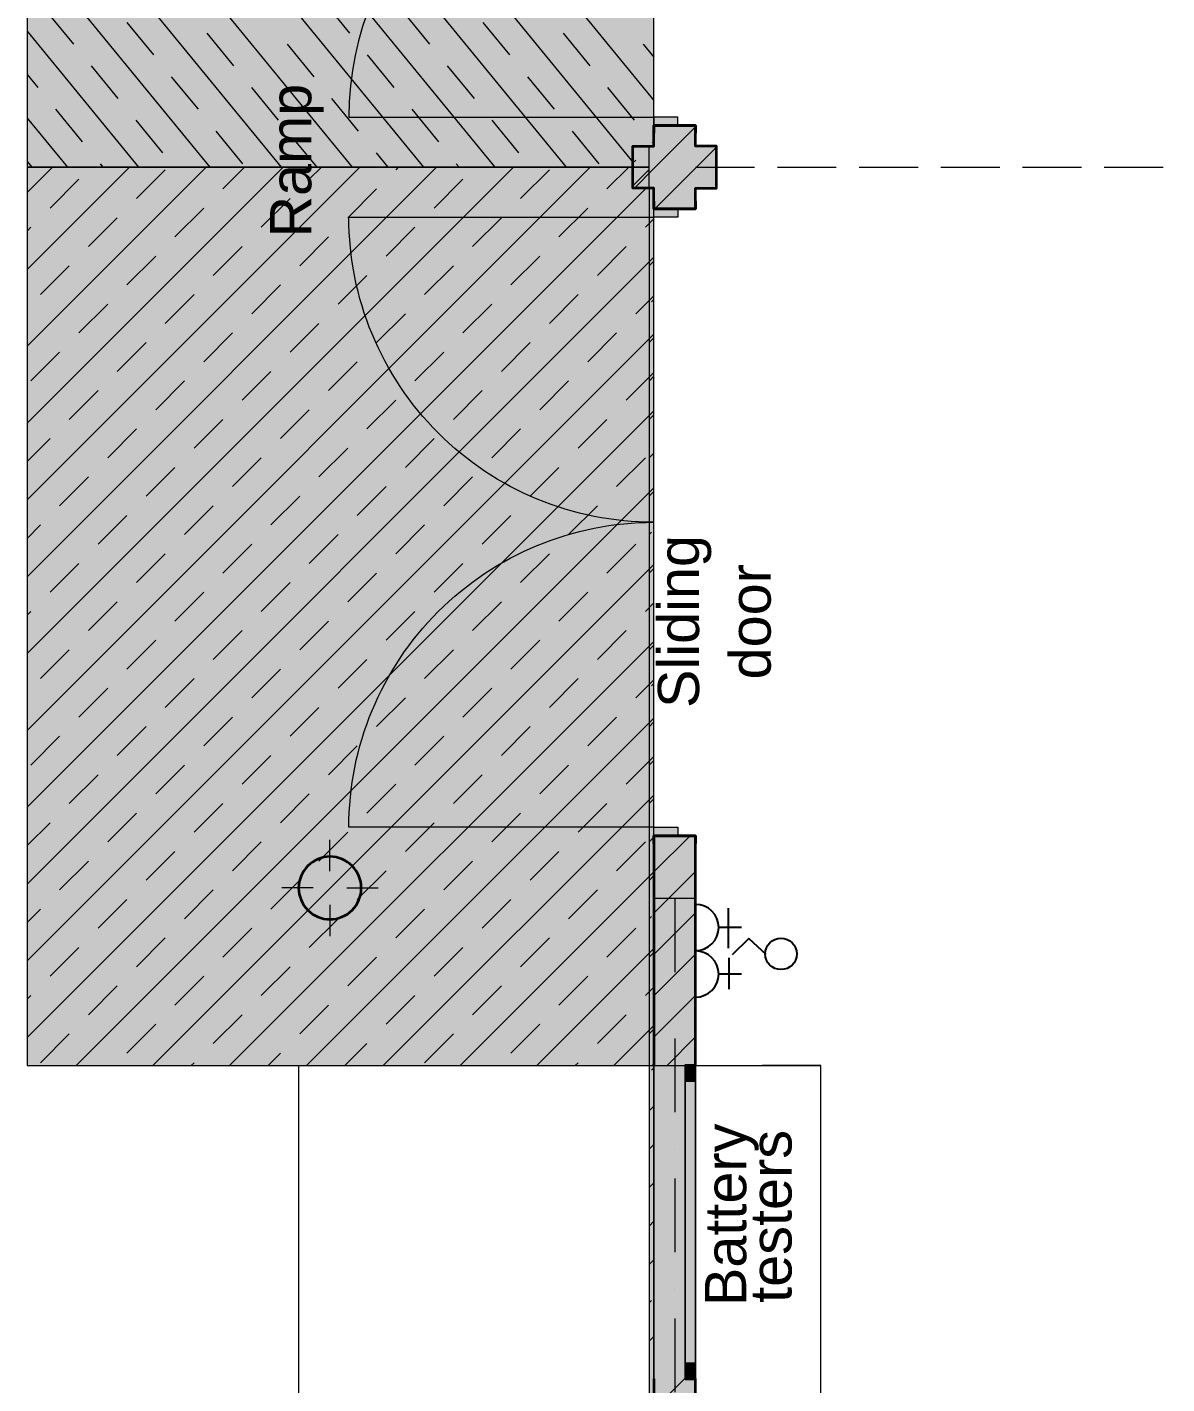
# Model space of a CAD drawing. Header units: millimetres. Extents: x -434067 to 834715, y -524312 to 693139.
# Drawn here: x 227685 to 233140, y 244049 to 250542 of the extents above; entities that cross this region are included whole.
import ezdxf

# ---------------------------------------------------------------- set-up
doc = ezdxf.new("R2010")
doc.units = ezdxf.units.MM
doc.layers.get('0').update_dxf_attribs({"color": 120})
doc.layers.add('Labels', color=7, linetype='Continuous')
doc.layers.add('PDF_2D Drafting - General', color=7, linetype='Continuous')
doc.layers.add('PDF_Geometry', color=7, linetype='Continuous', true_color=0xff6600)
doc.layers.add('PDF_Structural - Bearing', color=7, linetype='Continuous', true_color=0xffffff)
doc.styles.add('PDF ArialMT', font='arial.ttf')

# ---------------------------------------------------------------- blocks, each defined once
blk = doc.blocks.new('FF')
at = {"layer": 'PDF_Geometry', "color": 1, "lineweight": 25}
for points in [[(51, 478), (-155, 690), (46, 907)], [(-303, 293), (-303, 594)], [(300, 293), (300, 594)], [(-547, 420), (-33, 420)], [(94, 430), (501, 430)], [(596, -4), (-600, -4)]]:
    blk.add_lwpolyline(points, dxfattribs=at)
blk.add_circle((43, 1105), 204, dxfattribs=at)
for centre in [(-299, 0), (304, 0)]:
    blk.add_arc(centre, 299, 0, 180, dxfattribs=at)

msp = doc.modelspace()

# ---------------------------------------------------------------- hatches: boundary and pattern name
at = {"layer": 'PDF_2D Drafting - General', "true_color": 0xffffff, "transparency": 33554559}
for points in [[(227684.7, 254170.9), (230661.7, 254170.9), (230684.4, 254170.9), (230684.4, 249971.4), (230584.4, 249971.4), (230584.4, 249871.3), (227684.7, 249871.3)], [(227684.7, 245571.8), (227684.7, 249871.3), (230584.4, 249871.3), (230584.4, 249771.4), (230684.4, 249771.4), (230684.4, 245571.8), (230661.7, 245571.8)]]:
    msp.add_hatch(color=7, dxfattribs=at).paths.add_polyline_path(points)
at = {"layer": 'PDF_Structural - Bearing', "transparency": 33554559}
for color, points in [(7, [(230684.4, 249671.8), (230684.4, 250071.3), (230799.3, 250071.3), (230884.2, 250071.3), (230884.2, 249671.8), (230799.3, 249671.8)]), (7, [(230684.4, 245572.3), (230684.4, 246672.1), (230799.3, 246672.1), (230884.2, 246672.1), (230884.2, 245572.3), (230834.2, 245572.3)]), (256, [(230884.2, 245572.3), (230884.2, 244072.5), (230834.2, 244072.5), (230684.4, 244072.5), (230684.4, 245572.3), (230834.2, 245572.3)]), (256, [(230884.2, 245572.3), (230884.2, 244072.5), (230834.2, 244072.5), (230684.4, 244072.5), (230684.4, 245572.3), (230834.2, 245572.3)]), (7, [(230684.4, 243172.5), (230684.4, 244072.5), (230834.2, 244072.5), (230884.2, 244072.5), (230884.2, 243172.5), (230834.2, 243172.5)])]:
    msp.add_hatch(color=color, dxfattribs=at).paths.add_polyline_path(points)

# ---------------------------------------------------------------- linework, layer by layer
at = {"layer": 'PDF_2D Drafting - General', "color": 8, "lineweight": 15, "true_color": 0x7f7f7f}
for points in [[(230661.7, 254170.9), (227684.7, 254170.9), (227684.7, 249871.3), (230584.4, 249871.3), (230584.4, 249971.4), (230684.4, 249971.4), (230684.4, 254170.9), (230661.7, 254170.9), (227684.7, 254170.9), (227684.7, 245571.8), (230661.7, 245571.8), (230684.4, 245571.8), (230684.4, 249771.4), (230584.4, 249771.4), (230584.4, 249871.3), (227684.7, 249871.3), (227684.7, 245571.8), (230661.7, 245571.8), (230943.8, 245571.8)], [(230884.2, 249871.3), (231166.4, 249871.3)], [(231275.4, 249871.3), (231557.6, 249871.3)], [(231666.6, 249871.3), (231948.8, 249871.3)], [(232057.8, 249871.3), (232340, 249871.3)], [(232449, 249871.3), (232731.2, 249871.3)], [(232840.2, 249871.3), (233122.4, 249871.3)], [(230884.2, 245571.8), (231166.4, 245571.8)], [(231052.9, 245571.8), (231202, 245571.8), (231484.2, 245571.8), (231202, 245571.8)], [(231484.2, 243972.5), (231484.2, 245571.8)]]:
    msp.add_lwpolyline(points, dxfattribs=at)
at = {"layer": 'PDF_2D Drafting - General', "color": 253, "lineweight": 18, "true_color": 0xaaaaaa}
for points in [[(227684.7, 253852), (230684.4, 250190.4)], [(227684.7, 253435.8), (230584.4, 249896.2)], [(227684.7, 253019.6), (230263.8, 249871.3)], [(227684.7, 252603.4), (229922.9, 249871.3)], [(227684.7, 252187.4), (229581.8, 249871.3)], [(227684.7, 251771.2), (229241, 249871.3)], [(227684.7, 251355), (228900.1, 249871.3)], [(227684.7, 250938.8), (228559, 249871.3)], [(229099.2, 250668.7), (229227.1, 250512.5)], [(227778.1, 250616.6), (227905.9, 250460.5)], [(229482.8, 250616.6), (229610.6, 250460.5)], [(227684.7, 250522.6), (228218.2, 249871.3)], [(228161.7, 250564.6), (228289.6, 250408.6)], [(228545.2, 250512.5), (228673, 250356.6)], [(229866.3, 250564.6), (229994.1, 250408.6)], [(230249.9, 250512.5), (230377.8, 250356.6)], [(228928.7, 250460.5), (229056.5, 250304.5)], [(230633.4, 250460.5), (230684.4, 250398.4)], [(229312.4, 250408.6), (229440.2, 250252.5)], [(227684.7, 250314.6), (227735.5, 250252.5)], [(227991.1, 250356.6), (228119.1, 250200.4)], [(229695.8, 250356.6), (229823.7, 250200.4)], [(228374.8, 250304.5), (228502.6, 250148.4)], [(228758.3, 250252.5), (228886.1, 250096.3)], [(230079.3, 250304.5), (230207.2, 250148.4)], [(230463, 250252.5), (230590.8, 250096.3)], [(229141.8, 250200.4), (229269.7, 250044.5)], [(227820.7, 250148.4), (227948.5, 249992.4)], [(229525.4, 250148.4), (229653.2, 249992.4)], [(227684.7, 250106.6), (227877.3, 249871.3)], [(228204.3, 250096.3), (228332.2, 249940.4)], [(229908.9, 250096.3), (230036.7, 249940.4)], [(228587.8, 250044.5), (228715.7, 249888.3)], [(228971.3, 249992.4), (229070.5, 249871.3)], [(230292.5, 250044.5), (230420.4, 249888.3)], [(230676, 249992.4), (230684.4, 249982.4)], [(229355, 249940.4), (229411.4, 249871.3)], [(230643.8, 249951.4), (230643.8, 249951.4)], [(227684.7, 249898.4), (227706.7, 249871.3)], [(230380, 249871.3), (227684.7, 247176.1)], [(230012.4, 249871.3), (227684.7, 247543.7)], [(229644.7, 249871.3), (227684.7, 247911.3)], [(229277, 249871.3), (227684.7, 248279.1)], [(228909.4, 249871.3), (227684.7, 248646.7)], [(228541.8, 249871.3), (227684.7, 249014.3)], [(228174, 249871.3), (227684.7, 249382)], [(227806.4, 249871.3), (227684.7, 249749.7)], [(228033.7, 249888.3), (228047.7, 249871.3)], [(228345.8, 249859.4), (228208.1, 249721.5)], [(228725.6, 249871.3), (228621.6, 249767.6)], [(229093.2, 249871.3), (229035.3, 249813.5)], [(229460.8, 249871.3), (229448.8, 249859.4)], [(229738.5, 249888.3), (229752.3, 249871.3)], [(230184.2, 249859.4), (230046.3, 249721.5)], [(230563.8, 249871.3), (230460, 249767.6)], [(230584.4, 249891.9), (230597.7, 249905.5)], [(230584.4, 249782.7), (230661.7, 249860)], [(227932.3, 249813.5), (227794.4, 249675.6)], [(229770.5, 249813.5), (229632.6, 249675.6)], [(230647.6, 249771.4), (227684.7, 246808.3)], [(229357, 249767.6), (229219.1, 249629.7)], [(230661.7, 249767.3), (230665.8, 249771.4)], [(228529.8, 249675.6), (228391.9, 249537.7)], [(228943.3, 249721.5), (228805.4, 249583.8)], [(230368, 249675.6), (230230.1, 249537.7)], [(228116.1, 249629.7), (227978.2, 249491.8)], [(229954.3, 249629.7), (229816.6, 249491.8)], [(230684.4, 249624.2), (230643.8, 249583.8)], [(227702.4, 249583.8), (227684.7, 249565.8)], [(229127.1, 249537.7), (228989.2, 249399.8)], [(229540.8, 249583.8), (229402.9, 249445.9)], [(230673, 249594.8), (230673, 249594.8)], [(228713.6, 249491.8), (228575.7, 249353.9)], [(230551.8, 249491.8), (230413.9, 249353.9)], [(230684.4, 249440.4), (227684.7, 246440.7)], [(228299.9, 249445.9), (228162, 249308)], [(230138.3, 249445.9), (230000.4, 249308)], [(230661.7, 249399.7), (230684.4, 249422.3)], [(227886.4, 249399.8), (227748.5, 249261.9)], [(229310.9, 249353.9), (229173.2, 249216)], [(229724.6, 249399.8), (229586.7, 249261.9)], [(228897.4, 249308), (228759.5, 249170.1)], [(228070.2, 249216), (227932.3, 249078.1)], [(228483.7, 249261.9), (228345.8, 249124.2)], [(229908.4, 249216), (229770.5, 249078.1)], [(230322.1, 249261.9), (230184.2, 249124.2)], [(230684.4, 249256.6), (230597.7, 249170.1)], [(230673, 249227), (230684.4, 249238.3)], [(229494.9, 249170.1), (229357, 249032.2)], [(229081.2, 249124.2), (228943.3, 248986.3)], [(230684.4, 249072.8), (227684.7, 246073.1)], [(228254, 249032.2), (228116.1, 248894.3)], [(228667.5, 249078.1), (228529.8, 248940.2)], [(230092.2, 249032.2), (229954.3, 248894.3)], [(230505.9, 249078.1), (230368, 248940.2)], [(230661.7, 249031.9), (230684.4, 249054.5)], [(227840.3, 248986.3), (227702.4, 248848.4)], [(229678.7, 248986.3), (229540.8, 248848.4)], [(228851.5, 248894.3), (228713.6, 248756.4)], [(229265, 248940.2), (229127.1, 248802.5)], [(230684.4, 248889), (230551.8, 248756.4)], [(228437.8, 248848.4), (228299.9, 248710.5)], [(230276, 248848.4), (230138.3, 248710.5)], [(230661.7, 248848.1), (230684.4, 248870.7)], [(228024.1, 248802.5), (227886.4, 248664.6)], [(229448.8, 248756.4), (229310.9, 248618.5)], [(229862.5, 248802.5), (229724.6, 248664.6)], [(230684.4, 248705.2), (227684.7, 245705.5)], [(229035.3, 248710.5), (228897.4, 248572.6)], [(228621.6, 248664.6), (228483.7, 248526.7)], [(230460, 248664.6), (230322.1, 248526.7)], [(230661.7, 248664.3), (230684.4, 248686.9)], [(227794.4, 248572.6), (227684.7, 248462.9)], [(228208.1, 248618.5), (228070.2, 248480.8)], [(229632.6, 248572.6), (229494.9, 248434.7)], [(230046.3, 248618.5), (229908.4, 248480.8)], [(229219.1, 248526.7), (229081.2, 248388.8)], [(230661.7, 248480.5), (230684.4, 248503.1)], [(228391.9, 248434.7), (228254, 248296.8)], [(228805.4, 248480.8), (228667.5, 248342.9)], [(230230.1, 248434.7), (230092.2, 248296.8)], [(230643.8, 248480.8), (230505.9, 248342.9)], [(227978.2, 248388.8), (227840.3, 248250.9)], [(229816.6, 248388.8), (229678.7, 248250.9)], [(230684.4, 248337.4), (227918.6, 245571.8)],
◆ ◆ ◆ ◆ ◆
:: EXERCISE BRIEF ::
From the entries above, copy every line where the word "transparency" shows up.

:: RESULT OF THE EXERCISE ::
at = {"layer": 'PDF_2D Drafting - General', "true_color": 0xffffff, "transparency": 33554559}
at = {"layer": 'PDF_Structural - Bearing', "transparency": 33554559}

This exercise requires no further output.